After the assets, all the info blocks are evaluated and information is extracted from the page and will be stored in a _info.json file.

info "phone" {
    pattern  = "tel:(\d+)"
    capture  = 1
}

Inside the info file, two additional properties will be set by default: url and timestamp, representing the page url where the information has been scraped from, and the current time.

Example _info.json output:

{
  "url": "https://example.com/gallery/1337/overview",
  "timestamp": "2022-08-17T13:51:58.7265822Z",
  "editor": "everdrone"
}

By default, grab creates a subdirectory with the site name (in this case example) to store the information downloaded from this site. If you want to create separate subdirectories under example you can specify a subdirectory block.

Subdirectories

The subdirectory block will extract a string using pattern and capture just like other blocks, but you can specify the from attribute to tell grab to search inside the url or inside the body

subdirectory {
    pattern = "href=\"\\/\\@(?P<user>[^\"]+)"
    capture = "user"
    from    = body  # defaults to url
}

The final path of the assets will be <global.location>/<site.name>/<subdirectory>/<filename>

Example of destinations from the configuration above:
/home/user/Downloads/grab/example/1337/image1.jpg
Similarly, the _info.json file will be saved to /home/user/Downloads/grab/example/1337/_info.json

If no subdirectory block is specified, the asset destination will conform to: <global.location>/<site.name>/<filename>

Warning
If the pattern attribute contains named groups, you must set the capture attribute to get the named capture.

Use an integer capture groups only if your pattern does not contain named groups.
To learn more about Go's regexp syntax see the official documentation.

Network options

If a site requires specific headers to be set, or a number of retries, you can add optional network blocks to your configuration file.

network {
    # all attributes are optional
    retries = 3
    timeout = 10000  # in milliseconds
    headers = {
        "User-Agent" = "Mozilla/5.0 ..."
    }
}

network blocks can be located in the global block, inside site blocks and even asset blocks.

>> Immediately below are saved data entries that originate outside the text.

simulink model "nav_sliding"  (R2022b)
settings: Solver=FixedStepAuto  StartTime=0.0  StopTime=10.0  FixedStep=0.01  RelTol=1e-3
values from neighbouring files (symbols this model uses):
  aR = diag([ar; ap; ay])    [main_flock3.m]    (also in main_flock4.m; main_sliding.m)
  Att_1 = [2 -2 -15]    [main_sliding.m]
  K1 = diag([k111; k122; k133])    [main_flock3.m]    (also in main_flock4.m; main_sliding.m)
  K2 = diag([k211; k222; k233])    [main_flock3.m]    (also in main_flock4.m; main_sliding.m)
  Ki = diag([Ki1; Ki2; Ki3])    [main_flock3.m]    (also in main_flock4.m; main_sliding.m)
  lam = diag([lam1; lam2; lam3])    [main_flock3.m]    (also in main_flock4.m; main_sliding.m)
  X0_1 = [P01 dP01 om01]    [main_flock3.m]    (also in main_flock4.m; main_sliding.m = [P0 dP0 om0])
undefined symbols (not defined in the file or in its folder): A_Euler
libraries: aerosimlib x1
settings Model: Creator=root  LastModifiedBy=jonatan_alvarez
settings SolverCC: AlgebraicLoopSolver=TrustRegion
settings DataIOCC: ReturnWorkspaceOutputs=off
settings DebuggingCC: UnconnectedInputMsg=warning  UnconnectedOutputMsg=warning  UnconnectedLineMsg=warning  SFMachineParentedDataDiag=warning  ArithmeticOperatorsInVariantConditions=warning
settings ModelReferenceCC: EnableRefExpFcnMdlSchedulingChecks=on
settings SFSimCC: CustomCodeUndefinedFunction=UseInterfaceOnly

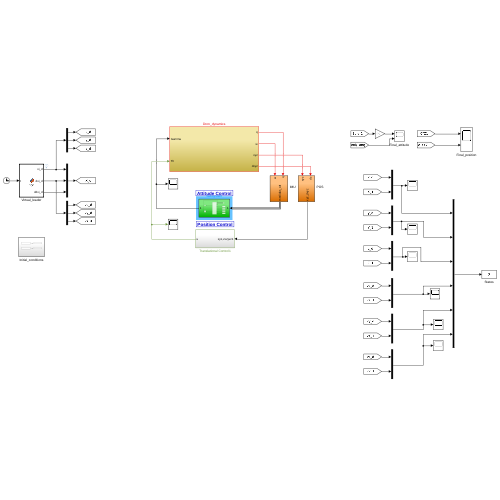
[thumbnail: Simulink's stored preview of the top-level diagram]
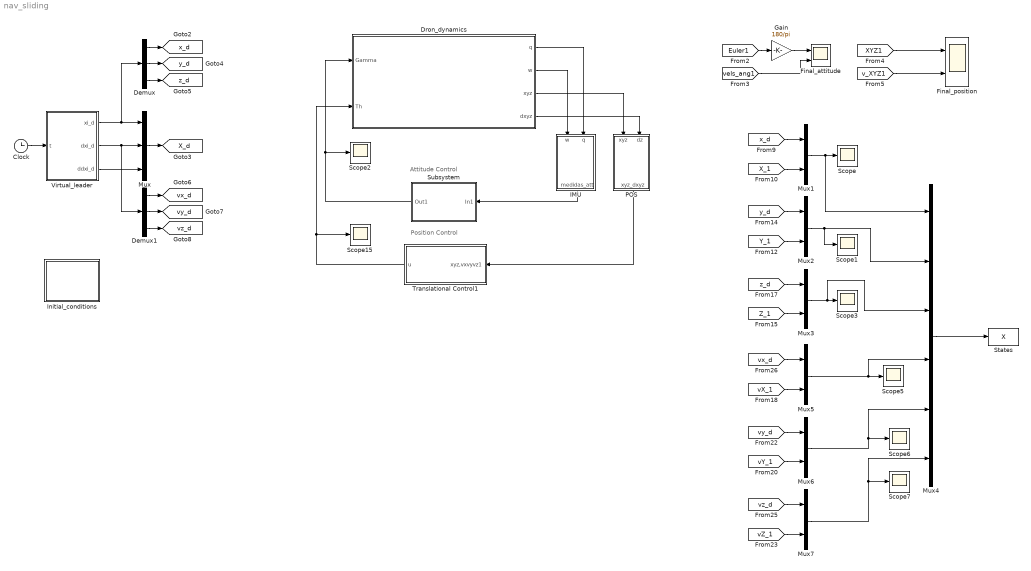
== system nav_sliding ==
  note: Position Control
  note: Attitude Control
  Clock : Clock
  Demux : Demux  Outputs=3
  Demux1 : Demux  Outputs=3
  Dron_dynamics : Subsystem
  Final_attitude : Scope  NumInputPorts=2
  Final_position : Scope  NumInputPorts=2
  Gain : Gain  Gain=180/pi
  "IMU " : Subsystem
  Initial_conditions : Subsystem
  Mux : Mux  Inputs=3
  Mux{1..3,5..7} (6 alike) : Mux  Inputs=2
  Mux4 : Mux  Inputs=6
  "POS " : Subsystem
  Scope{,1..3,5..7,15} (8 alike) : Scope
  States : ToWorkspace  VariableName=X  SampleTime=-1
  Subsystem : Subsystem
  Translational Control1 : Subsystem
  Virtual_leader : MATLAB Function  TreatAsAtomicUnit=on
  tag scope: X_d=global, vx_d=global, vy_d=global, vz_d=global, x_d=global, y_d=global, z_d=global
  wires:
  [vels_ang1] -> Final_attitude/2
  [v_XYZ1] -> Final_position/2
  Gain/1 -> Final_attitude/1
  [XYZ1] -> Final_position/1
  [Euler1] -> Gain/1
  Dron_dynamics/2(w) -> "IMU "/1(w)
  Dron_dynamics/4(dxyz) -> "POS "/2(dz)
  Mux/1 -> [X_d]
  Virtual_leader/3(ddxi_d) -> Mux/3
  Dron_dynamics/1(q) -> "IMU "/2(q)
  Subsystem/1(Out1) -> Scope2/1, Dron_dynamics/1(Gamma)
  Dron_dynamics/3(xyz) -> "POS "/1(xyz)
  "POS "/1(xyz_dxyz) -> Translational Control1/1(xyz,vxvyvz1)
  Translational Control1/1(u) -> Scope15/1, Dron_dynamics/2(Th)
  "IMU "/1(medidas_att) -> Subsystem/1(In1)
  Virtual_leader/1(xi_d) -> Demux/1, Mux/1
  Demux/1 -> [x_d]
  Demux/2 -> [y_d]
  Demux/3 -> [z_d]
  [x_d] -> Mux1/1
  [X_1] -> Mux1/2
  Mux2/1 -> Mux4/2, Scope1/1
  [Y_1] -> Mux2/2
  [y_d] -> Mux2/1
  [z_d] -> Mux3/1
  [Z_1] -> Mux3/2
  Mux3/1 -> Mux4/3, Scope3/1
  Mux4/1 -> States/1
  Mux1/1 -> Mux4/1, Scope/1
  Demux1/3 -> [vz_d]
  Demux1/2 -> [vy_d]
  Demux1/1 -> [vx_d]
  Virtual_leader/2(dxi_d) -> Demux1/1, Mux/2
  [vZ_1] -> Mux7/2
  [vz_d] -> Mux7/1
  [vy_d] -> Mux6/1
  [vY_1] -> Mux6/2
  [vX_1] -> Mux5/2
  [vx_d] -> Mux5/1
  Mux5/1 -> Scope5/1, Mux4/4
  Mux6/1 -> Scope6/1, Mux4/5
  Mux7/1 -> Scope7/1, Mux4/6
  Clock/1 -> Virtual_leader/1(t)

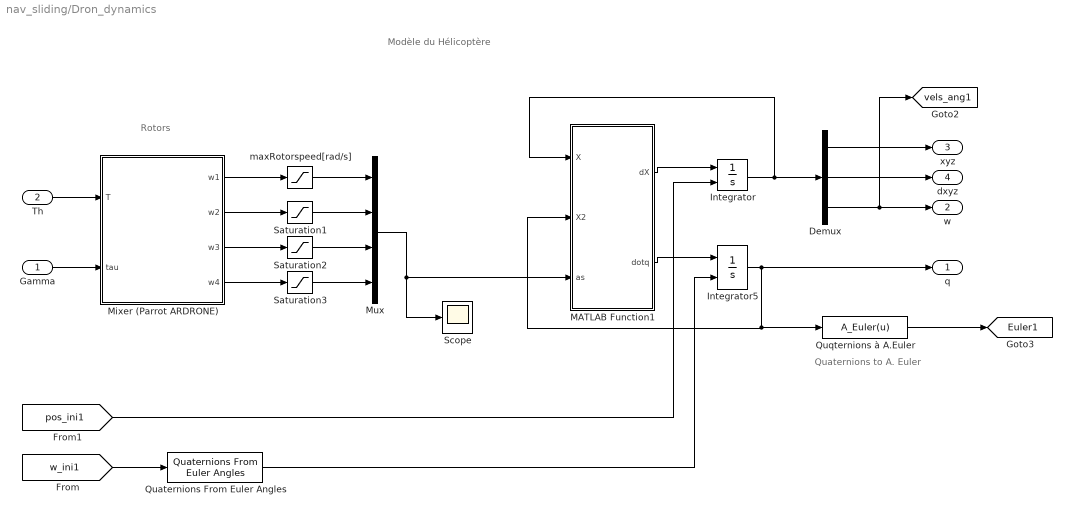
== system nav_sliding/Dron_dynamics ==
  note: Modèle du Hélicoptère
  note: Rotors
  note: Quaternions to A. Euler
  Gamma : Inport
  Th : Inport  Port=2
  Demux : Demux  Outputs=3
  Integrator : Integrator  InitialConditionSource=external
  Integrator5 : Integrator  InitialConditionSource=external  InitialCondition=[1 0 0 0]
  MATLAB Function1 : MATLAB Function  TreatAsAtomicUnit=on
  Mixer (Parrot ARDRONE) : MATLAB Function  TreatAsAtomicUnit=on
  Mux : Mux
  Quaternions From Euler Angles : aerosimlib/Transformations/Quaternions From Euler Angles
  Quqternions à A.Euler : MATLABFcn  MATLABFcn=A_Euler(u)  OutputDimensions=3
  Saturation1 : Saturate  UpperLimit=1100  LowerLimit=5
  Saturation2 : Saturate  UpperLimit=1100  LowerLimit=5
  Saturation3 : Saturate  UpperLimit=1100  LowerLimit=5
  Scope : Scope
  maxRotorspeed[rad/s] : Saturate  UpperLimit=1100  LowerLimit=5
  q : Outport  VectorParamsAs1DForOutWhenUnconnected=off
  w : Outport  Port=2  VectorParamsAs1DForOutWhenUnconnected=off
  xyz : Outport  Port=3  VectorParamsAs1DForOutWhenUnconnected=off
  dxyz : Outport  Port=4  VectorParamsAs1DForOutWhenUnconnected=off
  tag scope: Euler1=global, vels_ang1=global
  wires:
  [w_ini1] -> Quaternions From Euler Angles/1
  Quqternions à A.Euler/1 -> [Euler1]
  Mixer (Parrot ARDRONE)/4(w4) -> Saturation3/1
  Saturation1/1 -> Mux/2
  Mixer (Parrot ARDRONE)/2(w2) -> Saturation1/1
  Mixer (Parrot ARDRONE)/1(w1) -> maxRotorspeed[rad/s]/1
  maxRotorspeed[rad/s]/1 -> Mux/1
  Saturation3/1 -> Mux/4
  Saturation2/1 -> Mux/3
  Mixer (Parrot ARDRONE)/3(w3) -> Saturation2/1
  Mux/1 -> Scope/1, MATLAB Function1/3(as)
  Integrator5/1 -> MATLAB Function1/2(X2), Quqternions à A.Euler/1, q/1
  MATLAB Function1/1(dX) -> Integrator/1
  MATLAB Function1/2(dotq) -> Integrator5/1
  Quaternions From Euler Angles/1 -> Integrator5/2
  Integrator/1 -> Demux/1, MATLAB Function1/1(X)
  Gamma/1 -> Mixer (Parrot ARDRONE)/2(tau)
  [pos_ini1] -> Integrator/2
  Demux/3 -> [vels_ang1], w/1
  Demux/1 -> xyz/1
  Demux/2 -> dxyz/1
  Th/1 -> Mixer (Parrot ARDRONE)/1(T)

By default, the global.network configuration will be inherited to all sites and all site assets. To avoid inheriting the network configuration of a parent block, you can set inherit = false like so:

site "example" {
    # ...

    network {
        inherit = false
    }

    # ...
}

To learn more about advanced configuration patterns, see Advanced Configuration

Command Options

`get`

Arguments

Accepts both urls or path to lists of urls. Both can be provided at the same time.

# grab get <url|file> [url|file...] [options]

grab get https://example.com/gallery/1 \
         https://example.com/gallery/2 \
         path/to/list.ini \
         other/file.ini -n

Options

Long	Short	Default	Description
`force`	`f`	`false`	Overwrites already existing files
`config`	`c`	`nil`	Specify the path to a configuration file
`strict`	`s`	`false`	Will stop the program at the first encountered error
`dry-run`	`n`	`false`	Will send requests without writing to the disk
`progress`	`p`	`false`	Show a progress bar
`quiet`	`q`	`false`	Suppress all output to `stdout` (errors will still be printed to `stderr`) This option takes precedence over `verbose`
`verbose`	`v`	`1`	Set the verbosity level. `-v` is 1, `-vv` is 2 and so on... `quiet` overrides this option.